In my DD’s case one right thing would have been spelling out in June that there would be no face to face teaching at all - not even socially distanced chemistry and biology laboratory sessions, and that there was in fact no academic need whatsoever for her to travel to university and sign her £800 a month agreement (she is in uni halls run by a private provider) - or even to set this out as a possibility and tell students they had a choice whether to study remotely from home if they would rather.

One right thing now - at the very least - would be to provide a significant fee discount.

Another would be ensuring that these isolating young people are provided at least with food, drink, broadband, laundry facilities, mental health support, regular structured zoom ‘town hall’ meetings with the uni so they know exactly what the uni is doing to rectify this situation, timeframe, who is taking responsibility etc etc at no additional cost, and a discount from their hall fees.

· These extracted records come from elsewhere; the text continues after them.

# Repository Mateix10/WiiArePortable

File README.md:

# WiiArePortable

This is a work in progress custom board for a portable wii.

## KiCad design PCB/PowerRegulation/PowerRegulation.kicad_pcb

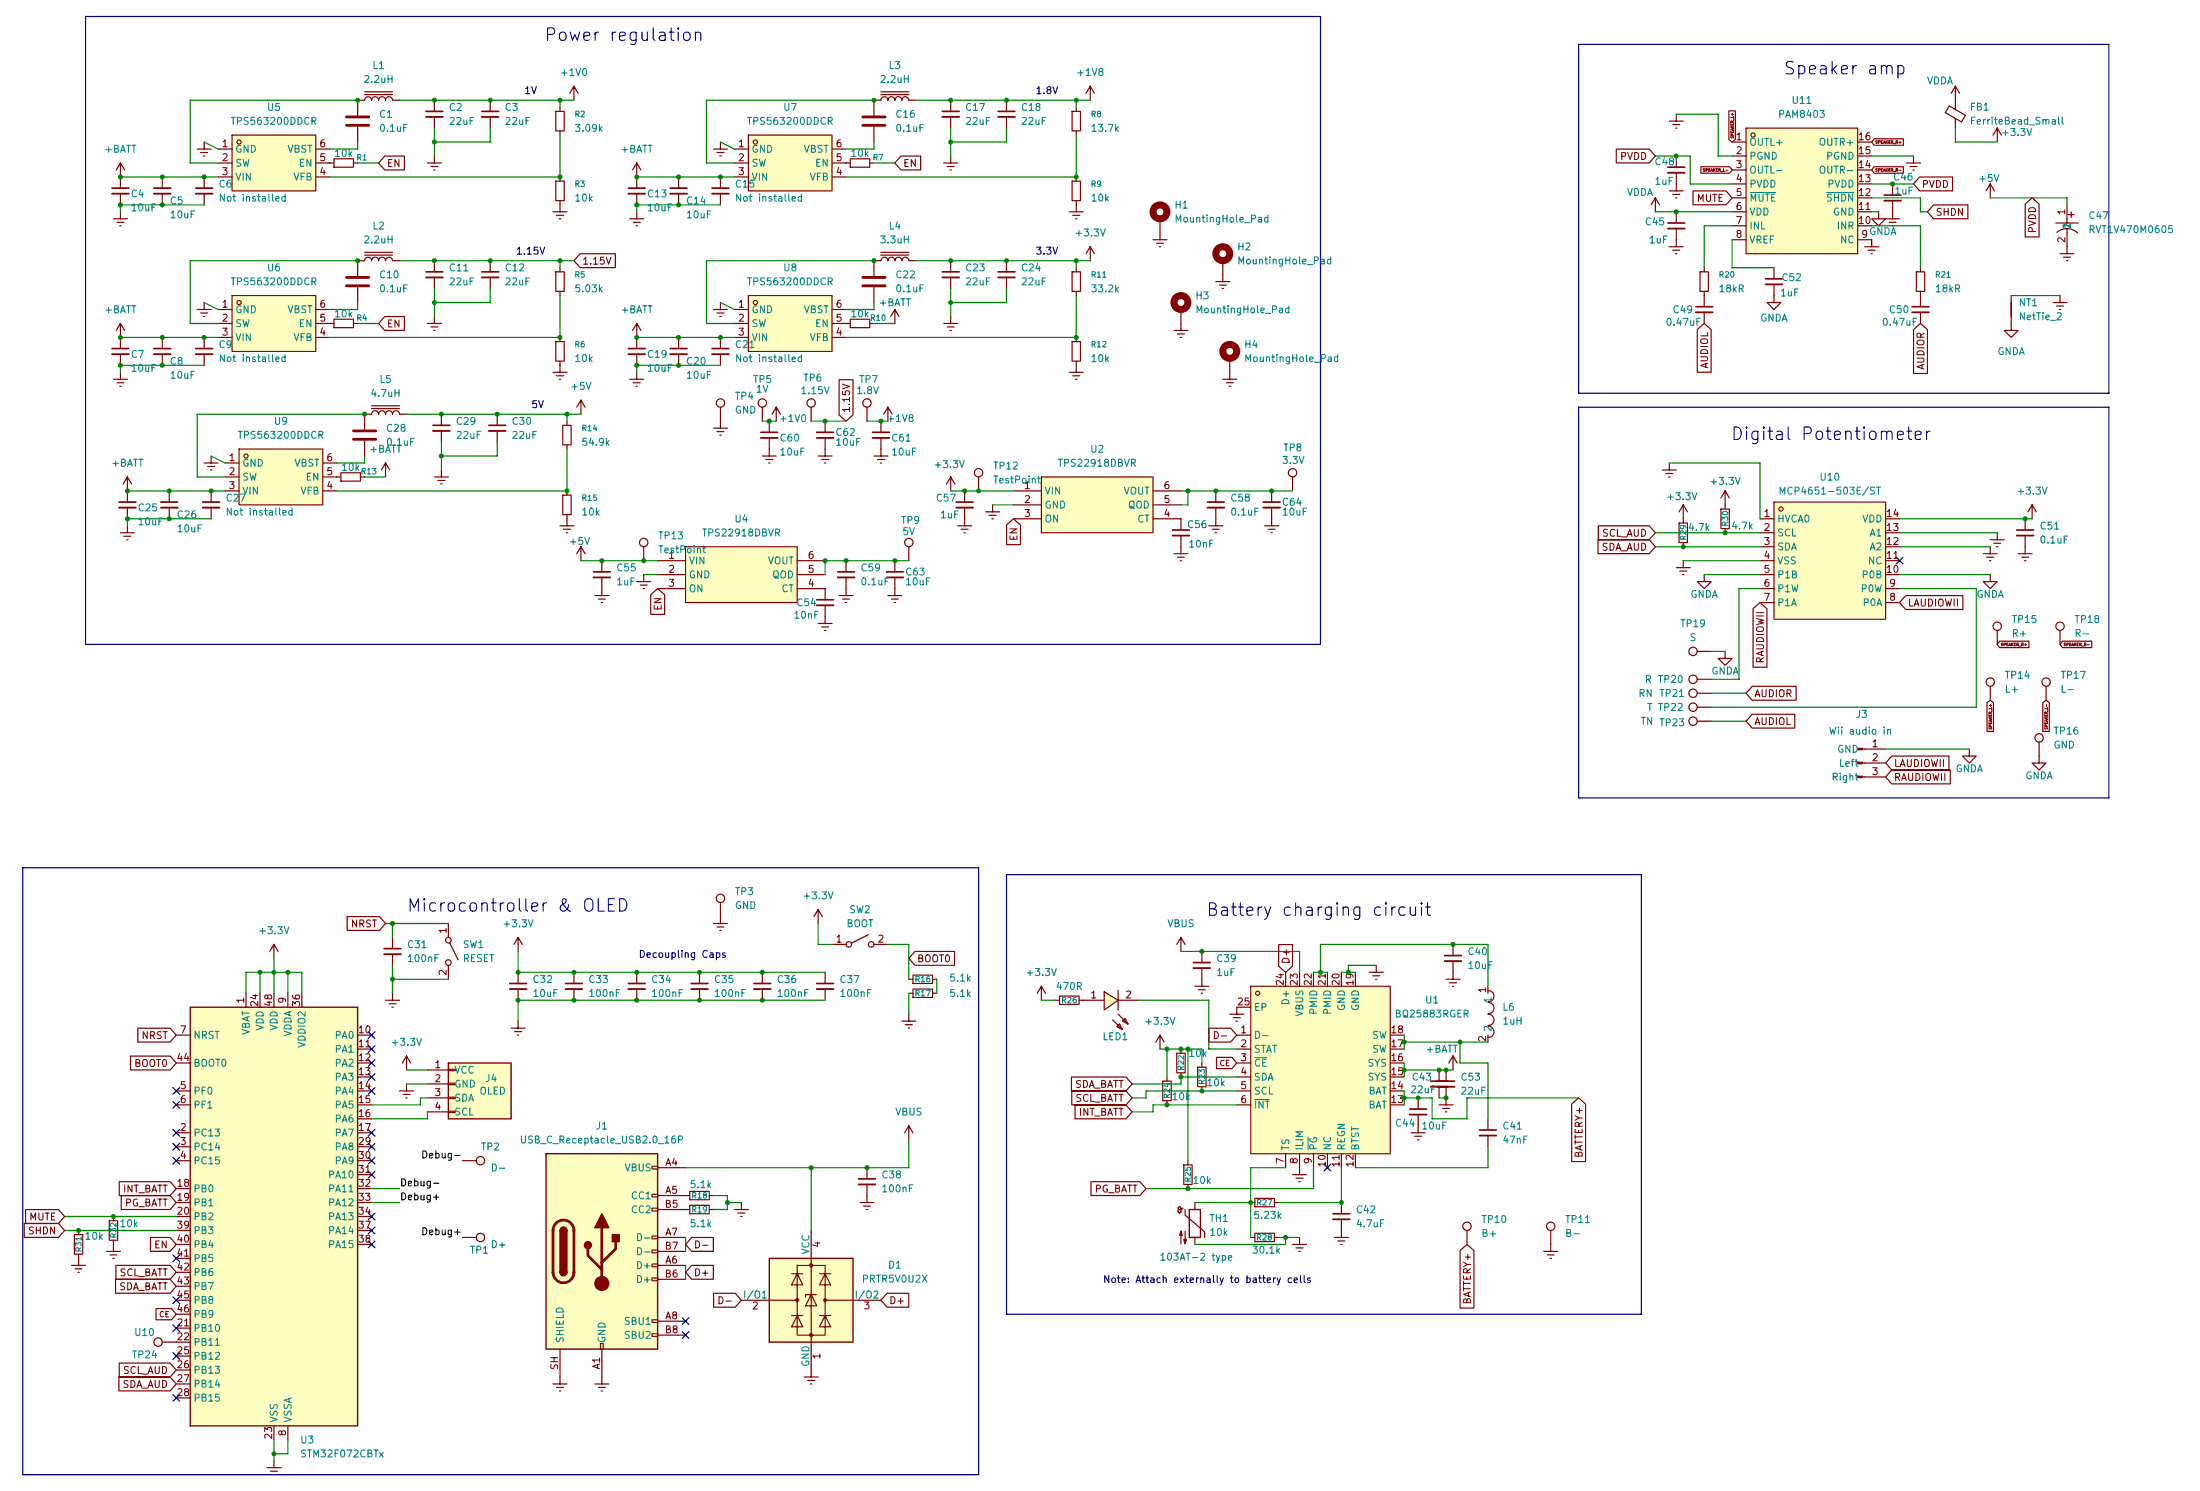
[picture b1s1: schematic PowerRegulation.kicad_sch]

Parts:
C1, C10, C16, C22, C28, C51: 0.1uF; R0603; LCSC Part C1590
C2, C3, C11, C12, C17, C18, C23, C24, C29, C30, C43, C53: 22uF; R1206; LCSC Part C5672
C4, C5, C7, C8, C13, C14, C19, C20, C25, C26, C32, C40, C44, C60, C61, C62, C63, C64: 10uF; R0805; LCSC Part C1713
C6, C9, C15, C21, C27: Not installed; R0805
C31, C33, C34, C35, C36, C37, C38: 100nF; R0603; LCSC Part C1713
C39, C45, C46, C48, C52: 1uF; R0603; LCSC Part C1592
C41: 47nF; R0603; LCSC Part C1622
C42: 4.7uF; R0805; LCSC Part C1779
C47: RVT1V470M0605; CAP-SMD_BD6.3-L6.6-W6.6-LS7.2-FD; MPN RVT1V470M0605; LCSC Part C3344
C49, C50: 0.47uF; R0603; LCSC Part C1623
C54, C56: 10nF; R1206; LCSC Part C1846
C55, C57: 1uF; R1206; LCSC Part C1848
C58, C59: 0.1uF; R1206; LCSC Part C1848
D1: PRTR5V0U2X; SOT-143; LCSC Part C5158049
FB1: FerriteBead_Small; R0805; LCSC Part C1017
H1, H2, H3, H4: MountingHole_Pad; MountingHole_3.2mm_M3_Pad_Via
J1: USB_C_Receptacle_USB2.0_16P; USB_C_Receptacle_Palconn_UTC16-G
J3: Wii audio in; PinHeader_1x03_P2.54mm_Vertical
J4: OLED; PinHeader_1x04_P2.54mm_Vertical
L1, L2, L3: 2.2uH; IND-SMD_L4.5-W4.1_SRP4020TA; LCSC Part C237985
L4: 3.3uH; IND-SMD_L5.7-W5.2; LCSC Part C189931
L5: 4.7uH; IND-SMD_L7.1-W6.6; LCSC Part C216191
L6: 1uH; IND-SMD_L5.4-W5.2_PSPMAA0503; MPN PSPMAA0503-1R0M-ANP; LCSC Part C436531
LED1: BL-HJC36G-AV-TRB; LED0603-R-RD_AMBER; MPN BL-HJC36G-AV-TRB; LCSC Part C165983
NT1: NetTie_2; NetTie-2_SMD_Pad2.0mm
R1, R3, R4, R6, R7, R9, R10, R12, R13, R15, R22, R23, R24, R25, R31, R32: 10k; R1206; LCSC Part C1489
R2: 3.09k; R0603; LCSC Part C4211
R5: 5.03k; R0603; LCSC Part C166926
R8: 13.7k; R0603; LCSC Part C22793
R11: 33.2k; R0805; LCSC Part C37252
R14: 54.9k; R0603; LCSC Part C23077
R16, R17, R18, R19: 5.1k; R0603; LCSC Part C23186
R20, R21: 18kR; R0805; LCSC Part C17506
R26: 470R; R0805; LCSC Part C436531
R27: 5.23k; R0603; LCSC Part C23068
R28: 30.1k; R1206; LCSC Part C48533691
R29, R30: 4.7k; R0805; LCSC Part C17673
SW1: RESET; SW_SPST_EVQPE1
SW2: BOOT; SW_SPST_EVQPE1
TH1: 10k; R1206; LCSC Part C1489
TP1: D+; TestPoint_Pad_D2.0mm
TP2: D-; TestPoint_Pad_D2.0mm
TP3: GND; TestPoint_Pad_D2.0mm
TP4: GND; TestPoint_Pad_D4.0mm
TP5: 1V; TestPoint_Pad_D4.0mm
TP6: 1.15V; TestPoint_Pad_D4.0mm
TP7: 1.8V; TestPoint_Pad_D4.0mm
TP8: 3.3V; TestPoint_Pad_D4.0mm
TP9: 5V; TestPoint_Pad_D4.0mm
TP10: B+; TestPoint_Pad_D4.0mm
TP11: B-; TestPoint_Pad_D4.0mm
TP12, TP13: TestPoint; TestPoint_Pad_D1.0mm
TP14: L+; TestPoint_Pad_D2.5mm
TP15: R+; TestPoint_Pad_D2.5mm
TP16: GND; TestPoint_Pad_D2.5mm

Adults outside higher education would never be treated like this. The uk infantilises it’s students.

Moving forward the other ‘right thing’ would be to maximise opportunities for students to engage in social activities eg outdoor sport, outdoor walks, outdoor live concerts, outdoor theatre, etc in a socially distanced way - so that they have at least some balance in their lives and some chance to make new friends. Their ‘household bubble’ is made up of a group of random strangers they have only just set eyes on.